The journey to the City of Bones cannot feel like a theatrical device imposed on the play from left field, which is how it reads here. A successful production of Gem of the Ocean cannot feel like people talking in a living room punctuated by a spiritual sequence—Blithe Spirit, this is not. An audience must feel that the house contains more than just this present moment; it holds the ages. The spirituality must be ever-present. Without that, the City of Bones doesn’t feel inevitable—it feels arbitrary. That sense of inevitability also depends on Aunt Ester as a figure who carries time itself, and here she simply doesn’t. The youth of this Aunt Ester makes the ritual harder to accept as real within the world of the play, draining it of its force. There is no real understanding of any of this in the production.
It’s also worth mentioning that there are two great performances here: the aforementioned Kadahj Bennett, who fills out Caesar with real force, making clear the logic—and the cost—of his position, and the very impressive Joshua Lee Robinson, who ably fills in all the shades of Citizen, from raw fear to a deep and earned clarity in a truly beautiful way. Regine Vital also has some beautiful moments, but the tides are against her here.
Wilson uses 1839 Wylie to bookend the Century Cycle, opening the series inside the storied house and closing with Radio Golf, where the house faces possible destruction through redevelopment. Though the home and its address are fictional—the number 1839 gesturing back to the Amistad rebellion—it isn’t just a location, but a site anchored to a historical moment of resistance, a kind of ground zero for everything Wilson is tracing.
But 1839 Wylie is a real place—or rather, an empty lot in Pittsburgh’s Hill District. It holds cultural and historical weight, even serving as the site of outdoor productions of Gem of the Ocean.
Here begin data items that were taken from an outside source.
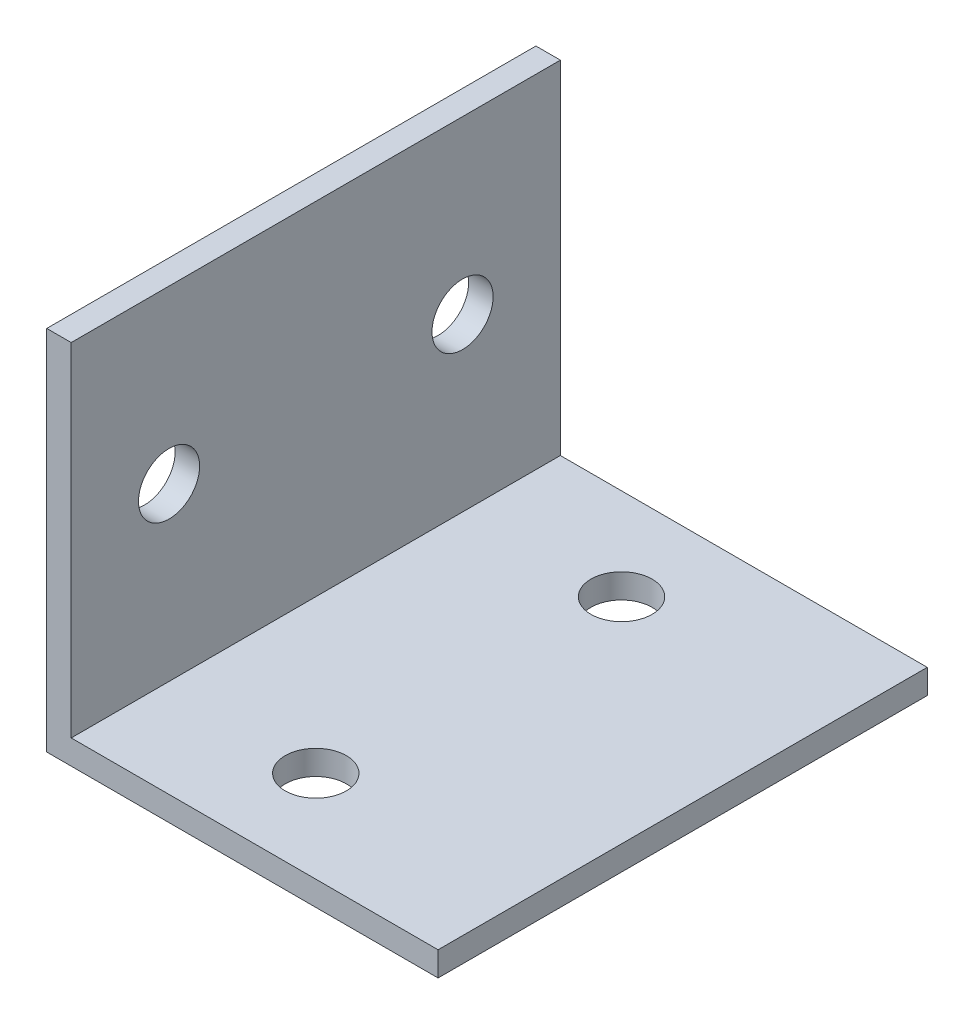
SolidWorks part; units mm, degrees
ref_plane "Front Plane" through (0, 0, 0) normal (0, 0, 1) x (1, 0, 0)
ref_plane "Top Plane" through (0, 0, 0) normal (0, 1, 0) x (1, 0, 0)
ref_plane "Right Plane" through (0, 0, 0) normal (1, 0, 0) x (0, 0, -1)
sketch "Sketch1" plane through (0, 0, 0) normal (0, 0, 1) x (1, 0, 0)
  line L0 (0, 0) -> (0, -30)
  line L1 (0, -30) -> (32, -30)
  line L2 (32, -30) -> (32, -28)
  line L3 (0, 0) -> (2, 0)
  line L4 (2, 0) -> (2, -28)
  line L5 (2, -28) -> (32, -28)
  dimension "D1" = 2
  dimension "D2" = 2
  dimension "D3" = 30
  dimension "D4" = 30
extrude "Boss-Extrude1" add sketch "Sketch1" along normal blind 40
hole_wizard "Tap Drill for M6x1.0 Tap1" positions "Sketch3" profile "Sketch2" hole size "M6x1.0" standard "ANSI Metric" end condition up to next
sketch "Sketch3" plane through (0, -28, 0) normal (0, 1, 0) x (1, 0, 0)
  line L1 (32, 0) -> (2, 0) construction
  line L3 (14.5, 0) -> (14.5, -7.5) construction
  line L9 (0, 0) -> (14.5, 0) construction
  line L11 (0, -40) -> (0, 0) construction
  point P0 (14.5, -7.5)
  point P2 (14.5, -32.5)
  dimension "D1" = 14.5
  dimension "D2" = 7.5
  dimension "D3" = 25
  dimension "D4" = 14.5
sketch "Sketch2" plane through (14.5, -28, 7.5) normal (1, 0, 0) x (0, 0, 1)
  line L0 (0, 0) -> (0, 2)
  line L1 (0, 2) -> (2.5, 2)
  line L2 (2.5, 2) -> (2.5, 0)
  line L5 (2.5, 0) -> (0, 0)
  line L11 (0, -6.35) -> (0, 107.95) construction
  dimension "Thru Hole Dia." = 5
  dimension "Thru Hole Depth" = 2
hole_wizard "Tap Drill for M6x1.0 Tap2" positions "Sketch6" profile "Sketch5" hole size "M6x1.0" standard "ANSI Metric" end condition up to next
sketch "Sketch6" plane through (2, 0, 0) normal (1, 0, 0) x (0, 0, -1)
  line L0 (-40, 0) -> (-40, -14) construction
  line L1 (-40, -28) -> (-40, 0) construction
  line L2 (-40, -14) -> (-32, -14) construction
  line L4 (0, -28) -> (0, 0) construction
  point P0 (-32, -14)
  point P2 (-8, -14)
  dimension "D1" = 14
  dimension "D2" = 8
  dimension "D3" = 8
sketch "Sketch5" plane through (2, -14, 32) normal (0, 1, 0) x (0, 0, -1)
  line L0 (0, 0) -> (0, 2)
  line L1 (0, 2) -> (2.5, 2)
  line L2 (2.5, 2) -> (2.5, 0)
  line L5 (2.5, 0) -> (0, 0)
  line L11 (0, -6.35) -> (0, 107.95) construction
  dimension "Thru Hole Dia." = 5
  dimension "Thru Hole Depth" = 2

There’s no preserved structure, no museum or house you can visit, but the parcel of land remains a kind of living marker, its significance sustained not by what stands there, but by the history it has come to represent.
The same is true of Wilson’s plays, which remain significant regardless of the production around them. This one falters often. And yet, to hear the language is still its own kind of reward, even here. That this production is given life at Hibernian Hall, in Roxbury, a historic center of Black life in Boston, only deepens that experience. This production may not fully come together, but to sit in that world, in that place, still has the power to transform.
Gem of the Ocean. Through May 17 at Actors’ Shakespeare Project at Hibernian Hall. www.actorsshakespeareproject.org. Running time: 2 hours 45 minutes.